Sangoku is not so much a poker variant as a poker cousin. it is certainly within the poker family.
Players are dealt 13 cards with which they must make a five card strong hand (heavens), a 5 card weaker hand (Earth), and a 3 card weakest hand (Hells). Then all players compare their respective hands using normal poker rules to determine the winner of each hand in each "realm". The winning player takes a reward based on one card they played. Players can bet on one of their 3 hands to win using a legend card which is basically a set collection currency. If they win they can draw another legend card randomly from a deck of legend cards, and they also collect cards from any player who bet to win in that same realm. Rewards from winning are either a warrior whose power is inversely proportional to the lowest card they played in that hand (2s give you a power 4 warrior while 9s give you a power 1 warrior) or if you play a 10 you may choose to take a legend card randomly from the deck of legend cards. warriors are placed in the realm they won. Then one at a time players compare their warriors in various realms then they take damage in that realm only from the player who dealt the most damage, equal power level warriors cancel each other out. every realm has 12 health, when two realms are gone that player is out of the game.

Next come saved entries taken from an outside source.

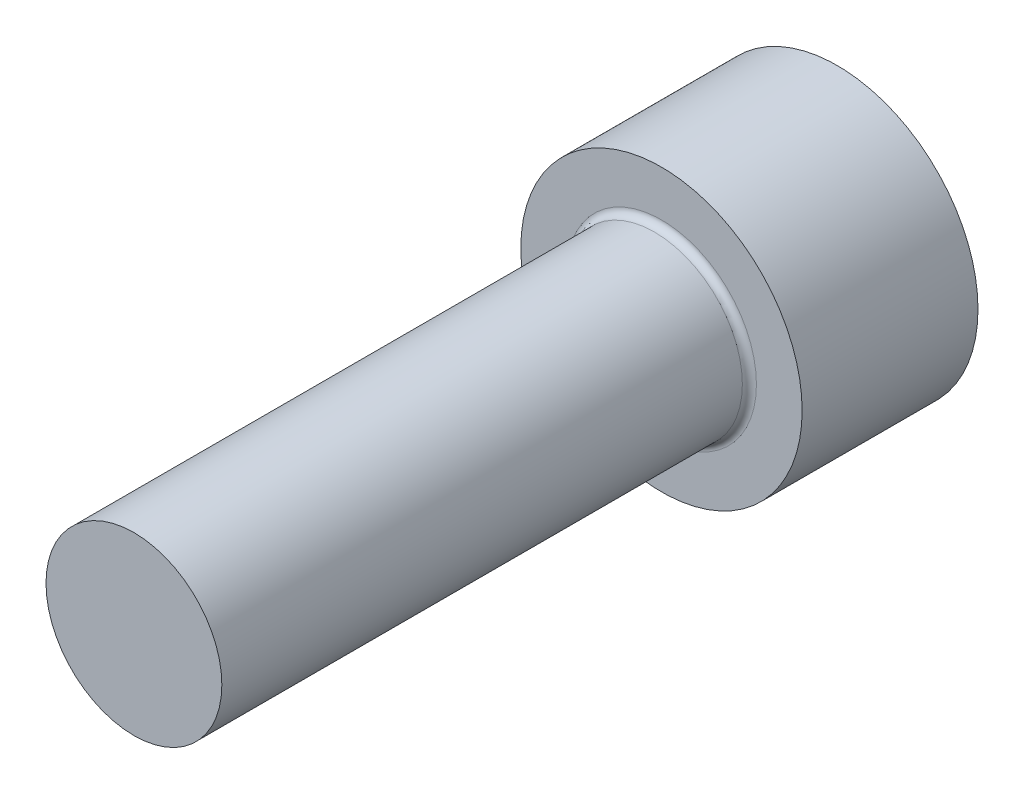
from build123d import *

# Parameters (mm, degrees)
SKETCH_1_R        = 4
EXTRUDE_235_DEPTH = 5
SKETCH_2_R        = 2.5
EXTRUDE_323_DEPTH = 15
FILLET_1_R        = 0.2


with BuildPart() as part:
    # 草图1 → Extrude 235 (new body)
    with BuildSketch(Plane.XY):
        Circle(SKETCH_1_R)
    extrude(amount=EXTRUDE_235_DEPTH)

    # 草图2 → Extrude 323 (add)
    with BuildSketch(Plane.XY.offset(5)):
        Circle(SKETCH_2_R)
    extrude(amount=EXTRUDE_323_DEPTH)

    # 圆角1
    fillet_1_edges = [part.edges().sort_by_distance(p)[0] for p in [
        (-2.5, 0, 5),
    ]]
    fillet(fillet_1_edges, radius=FILLET_1_R)


solid = part.part
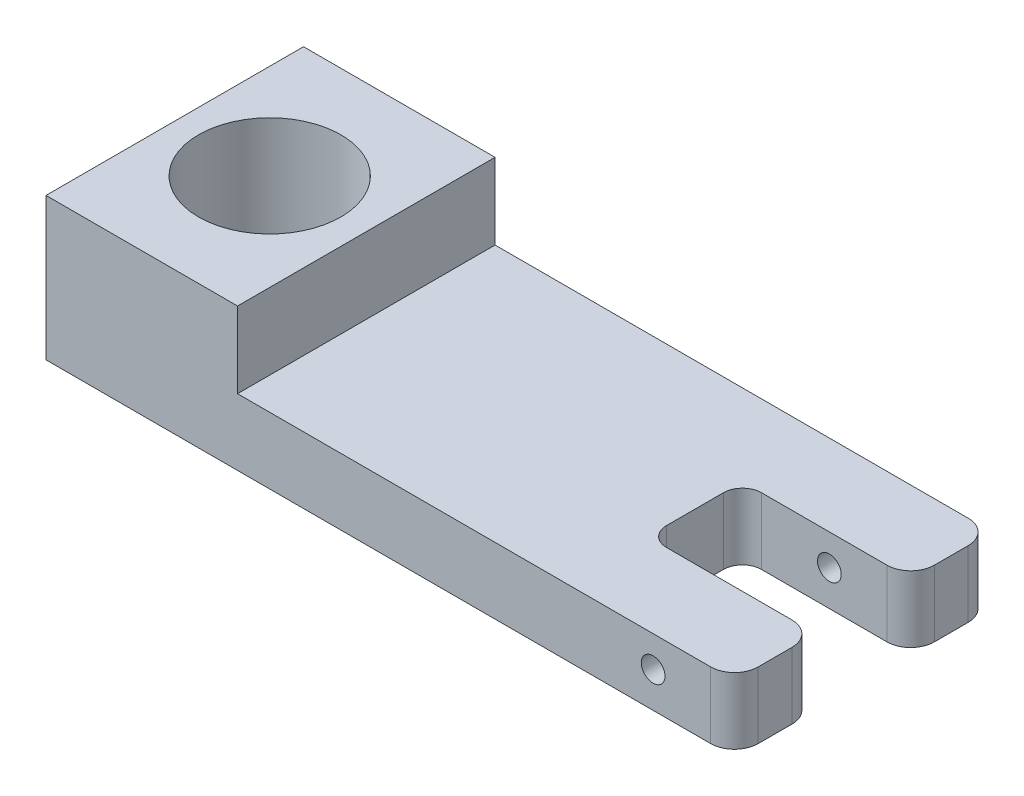
from build123d import *

# Parameters (mm, degrees)
SKETCH_1_W          = 145
SKETCH_1_H          = 54.239140964
SKETCH_1_R          = 15
EXTRUDE_1_DEPTH     = 14
CUT_EXTRUDE_1_DEPTH = 50
FILLET_2_R          = 5
SKETCH_3_R          = 2.5
CUT_EXTRUDE_2_DEPTH = 36
SKETCH_4_W          = 40.34248958
SKETCH_4_H          = 54.239140964
SKETCH_4_R          = 15
EXTRUDE_2_DEPTH     = 16


with BuildPart() as part:
    # Эскиз1 → Вытянуть1 (new body)
    with BuildSketch(Plane(origin=(0, 0, 0), x_dir=(1, 0, 0), z_dir=(0, 1, 0))):
        with Locations((52.5, 0)):
            Rectangle(SKETCH_1_W, SKETCH_1_H)
        with Locations(Location((0, 0, 0), (0, 0, 270))):
            Circle(SKETCH_1_R, mode=Mode.SUBTRACT)
    extrude(amount=EXTRUDE_1_DEPTH)

    # Эскиз2 → Вырез-Вытянуть1 (cut)
    with BuildSketch(Plane(origin=(0, 0, 0), x_dir=(1, 0, 0), z_dir=(0, 1, 0))):
        with BuildLine():
            Line((93.569014329, -10), (130.542559867, -10))
            Line((130.542559867, -10), (130.542559867, 10))
            Line((130.542559867, 10), (93.573862666, 10))
            ThreePointArc((93.573862666, 10), (90.74600698, 8.828998449), (89.573862992, 6.001616112))
            Line((89.573862992, 6.001616112), (89.569014656, -5.998383888))
            ThreePointArc((89.569014656, -5.998383888), (90.74001588, -8.827855685), (93.569014329, -10))
        make_face()
    extrude(amount=CUT_EXTRUDE_1_DEPTH, mode=Mode.SUBTRACT)

    # Скругление2
    fillet_2_edges = [part.edges().sort_by_distance(p)[0] for p in [
        (125, 7, 10),
        (125, 7, -10),
        (125, 7, 27.119570482),
        (125, 7, -27.119570482),
    ]]
    fillet(fillet_2_edges, radius=FILLET_2_R)

    # Эскиз3 → Вырез-Вытянуть2 (cut, symmetric)
    with BuildSketch(Plane.XY):
        with Locations(Location((107.871367235, 7.461129595, 0), (0, 0, 180))):
            Circle(SKETCH_3_R)
    extrude(amount=CUT_EXTRUDE_2_DEPTH, both=True, mode=Mode.SUBTRACT)

    # Эскиз4 → Вытянуть2 (add)
    with BuildSketch(Plane(origin=(0, 14, 0), x_dir=(1, 0, 0), z_dir=(0, 1, 0))):
        with Locations((0.17124479, 0)):
            Rectangle(SKETCH_4_W, SKETCH_4_H)
        with Locations(Location((0, 0, 0), (0, 0, 270))):
            Circle(SKETCH_4_R, mode=Mode.SUBTRACT)
    extrude(amount=EXTRUDE_2_DEPTH)


solid = part.part
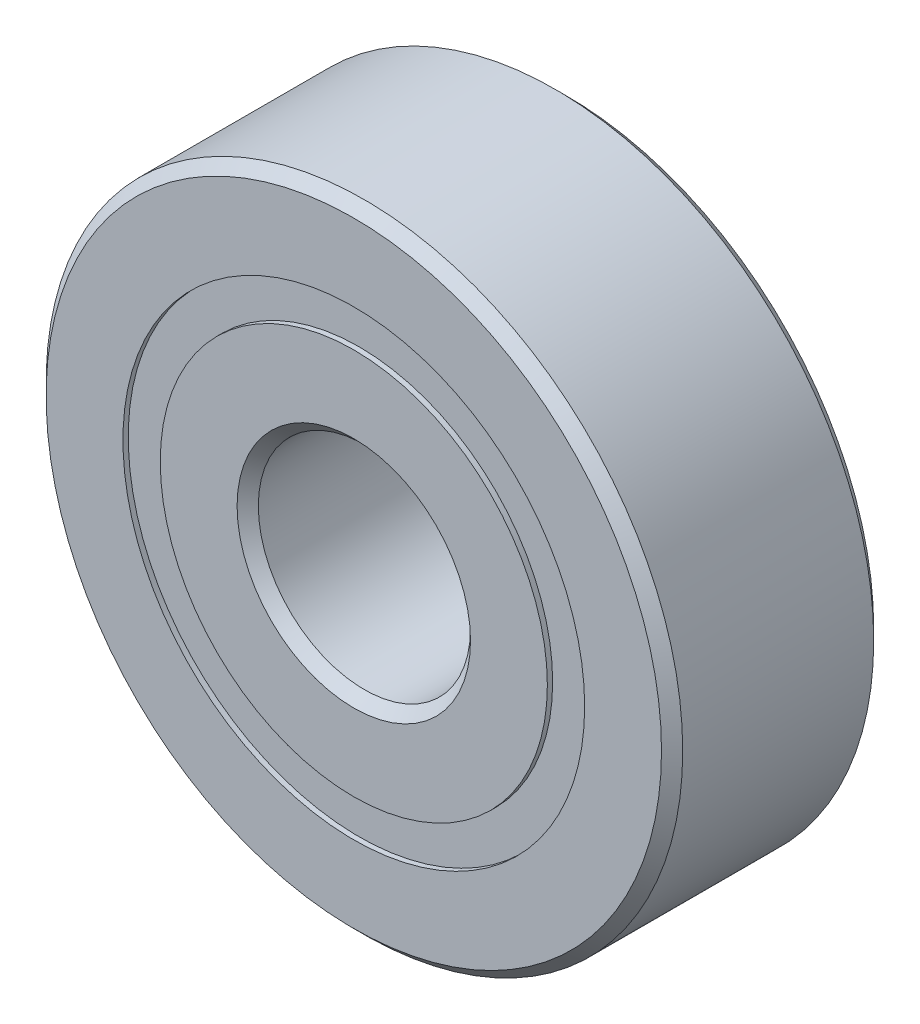
from build123d import *

# Parameters (mm, degrees)
CIRPATTERN1_COUNT = 12
SKETCH5_W         = 0.944081583
SKETCH5_H         = 0.703296704


with BuildPart() as part:
    # Sketch1 → Revolve1 (revolve)
    with BuildSketch(Plane(origin=(0, 0, 0), x_dir=(0, 0, -1), z_dir=(1, 0, 0))):
        with BuildLine():
            Line((1.8, 6), (-1.8, 6))
            Line((-1.8, 6), (-2, 5.8))
            Line((-2, 5.8), (-2, 4.351648352))
            Line((-2, 4.351648352), (-0.888888889, 4.351648352))
            ThreePointArc((-0.888888889, 4.351648352), (0, 4.955918417), (0.888888889, 4.351648352))
            Line((0.888888889, 4.351648352), (2, 4.351648352))
            Line((2, 4.351648352), (2, 5.8))
            Line((2, 5.8), (1.8, 6))
        make_face()
    revolve(axis=Axis((0, 0, 2), (0, 0, -1)))


with BuildPart() as body_2:
    # Sketch3 → Revolve3 (revolve)
    with BuildSketch(Plane(origin=(0, 0, 0), x_dir=(0, 0, -1), z_dir=(1, 0, 0))):
        with BuildLine():
            Line((-2, 3.648351648), (-0.888888889, 3.648351648))
            ThreePointArc((-0.888888889, 3.648351648), (0, 3.044081583), (0.888888889, 3.648351648))
            Line((0.888888889, 3.648351648), (2, 3.648351648))
            Line((2, 3.648351648), (2, 2.2))
            Line((2, 2.2), (1.8, 2))
            Line((1.8, 2), (-1.8, 2))
            Line((-1.8, 2), (-2, 2.2))
            Line((-2, 2.2), (-2, 3.648351648))
        make_face()
    revolve(axis=Axis((0, 0, 2), (0, 0, -1)))


with BuildPart() as body_3:
    # Sketch4 → Revolve4 (revolve)
    with BuildSketch(Plane(origin=(0, 0, 0), x_dir=(0, 0, -1), z_dir=(1, 0, 0))):
        with BuildLine():
            Line((-0.955918417, 4), (0.955918417, 4))
            ThreePointArc((0.955918417, 4), (0, 4.955918417), (-0.955918417, 4))
        make_face()
    revolve(axis=Axis((0, 4, 0.955918417), (0, 0, -1)))


with BuildPart() as cirpattern1_1:
    # CirPattern1: pattern copy
    add(body_3.part.rotate(Axis((0, 0, -2), (0, 0, 1)), 1 * 360 / CIRPATTERN1_COUNT))


with BuildPart() as cirpattern1_2:
    # CirPattern1: pattern copy
    add(body_3.part.rotate(Axis((0, 0, -2), (0, 0, 1)), 2 * 360 / CIRPATTERN1_COUNT))


with BuildPart() as cirpattern1_3:
    # CirPattern1: pattern copy
    add(body_3.part.rotate(Axis((0, 0, -2), (0, 0, 1)), 3 * 360 / CIRPATTERN1_COUNT))


with BuildPart() as cirpattern1_4:
    # CirPattern1: pattern copy
    add(body_3.part.rotate(Axis((0, 0, -2), (0, 0, 1)), 4 * 360 / CIRPATTERN1_COUNT))


with BuildPart() as cirpattern1_5:
    # CirPattern1: pattern copy
    add(body_3.part.rotate(Axis((0, 0, -2), (0, 0, 1)), 5 * 360 / CIRPATTERN1_COUNT))


with BuildPart() as cirpattern1_6:
    # CirPattern1: pattern copy
    add(body_3.part.rotate(Axis((0, 0, -2), (0, 0, 1)), 6 * 360 / CIRPATTERN1_COUNT))


with BuildPart() as cirpattern1_7:
    # CirPattern1: pattern copy
    add(body_3.part.rotate(Axis((0, 0, -2), (0, 0, 1)), 7 * 360 / CIRPATTERN1_COUNT))


with BuildPart() as cirpattern1_8:
    # CirPattern1: pattern copy
    add(body_3.part.rotate(Axis((0, 0, -2), (0, 0, 1)), 8 * 360 / CIRPATTERN1_COUNT))


with BuildPart() as cirpattern1_9:
    # CirPattern1: pattern copy
    add(body_3.part.rotate(Axis((0, 0, -2), (0, 0, 1)), 9 * 360 / CIRPATTERN1_COUNT))


with BuildPart() as cirpattern1_10:
    # CirPattern1: pattern copy
    add(body_3.part.rotate(Axis((0, 0, -2), (0, 0, 1)), 10 * 360 / CIRPATTERN1_COUNT))


with BuildPart() as cirpattern1_11:
    # CirPattern1: pattern copy
    add(body_3.part.rotate(Axis((0, 0, -2), (0, 0, 1)), 11 * 360 / CIRPATTERN1_COUNT))


with BuildPart() as body_15:
    # Sketch5 → Revolve5 (revolve)
    with BuildSketch(Plane(origin=(0, 0, 0), x_dir=(0, 0, -1), z_dir=(1, 0, 0))):
        with Locations((-1.427959209, 4)):
            Rectangle(SKETCH5_W, SKETCH5_H)
        with Locations((1.427959209, 4)):
            Rectangle(SKETCH5_W, SKETCH5_H)
    revolve(axis=Axis((0, 0, 2), (0, 0, -1)))


solid = Compound([part.part, body_2.part, body_3.part, cirpattern1_1.part, cirpattern1_2.part, cirpattern1_3.part, cirpattern1_4.part, cirpattern1_5.part, cirpattern1_6.part, cirpattern1_7.part, cirpattern1_8.part, cirpattern1_9.part, cirpattern1_10.part, cirpattern1_11.part, body_15.part])

The game is beautiful. It's reminiscent of Ascension in it's style, but extremely well done. It's colored pencil art at it's best.
The production is mediocre. The player boards are sturdy, but warped. the cards are good quality, but sticky. The wooden life tokens (wooden cones) are nice, but ugly and unthematic - it's hard not to make a cones of dunshire reference.
The graphic design is on the whole bad. The player boards seem larger than they need to be making the game take up a huge amount of space on the table. The warriors have the symbol that the cards reference on one side and their power level on the other side, meaning you kind of need to constantly flip them over, especially during your first game. The reference from the cards to the tokens on the side of the cards is so embedded in the art that it's hard to realize what it is. The front and the back of the cards are difficult to easily discern meaning cards often get placed in the deck upside down. The order of value of hands is only referenced in the rulebook, meaning that the players constantly have to pass around the rulebook to remember what hands are more valuable than the next. with no central board warrior tokens and card decks tend to get mixed up easily, also used hands tend to get mixed in with the wrong things easily as well. the game just looks messy on the table and it makes all the art just a muddle.
There are many things I like about this game, but on the whole it just doesn't make a good game.
1) 13 cards is simply too many cards to examine quickly. Forming 3 hands optimized to the strategy that best gets you ahead is a process designed for analysis paralysis. On no turn did this ever take less than 5 minutes, and on some turns it was up to 10. This was magnified by the difficulty of making sure the hands were all ordered by power. The 30 minutes on the box is off by at least a factor of 3, but a 4 player game took us over 2 hours.
2) weird rules exceptions
a) The wilds: I didn't explain this in the rules, but the game has two different kind of wilds, neither of which is used in the way a wild is normally used in poker. The Bridge is a wild that can be used as part of a straight. It is suited and can make pairs with others bridges and is considered lower than a 1 , but it does not pair with other cards. The Wild is a card that can be use to make flushes, but it cannot be used to make straights or pairs, and does not pair with itself.
b) the heavens: you cannot knock a person out of the game in the heavens the way you can in the other suits. After they get to 4 life they only take damage from warriors with power 4 or more.
there is no easily understandable thematic reason for either of these, especially seeing as the game itself is pretty un-thematic. These just make the game feel more convoluted than it needs to be, and makes the process of choosing the best 13 cards even more difficult.
3) Set Collection is non-existent: Set collection works when there is some way to control what sets you are collecting. In this game there is no control over what card you get next. collecting sets is just a matter trying to get enough cards that you increase the odds of getting a set. Furthermore the only player who has a great deal of control over betting (the best way to get more cards) is the last player. what could be a way of directing decision making just ends up being another random variable.
Overall the game just lacks enough control or theme to justify it's time input.
On the whole the game is a pass. I look forward to more art for the artist and more great games from Mike Elliot, but this game just wasn't ready yet. Maybe one day Mike will make a good game with some of the stuff here, but this is not it.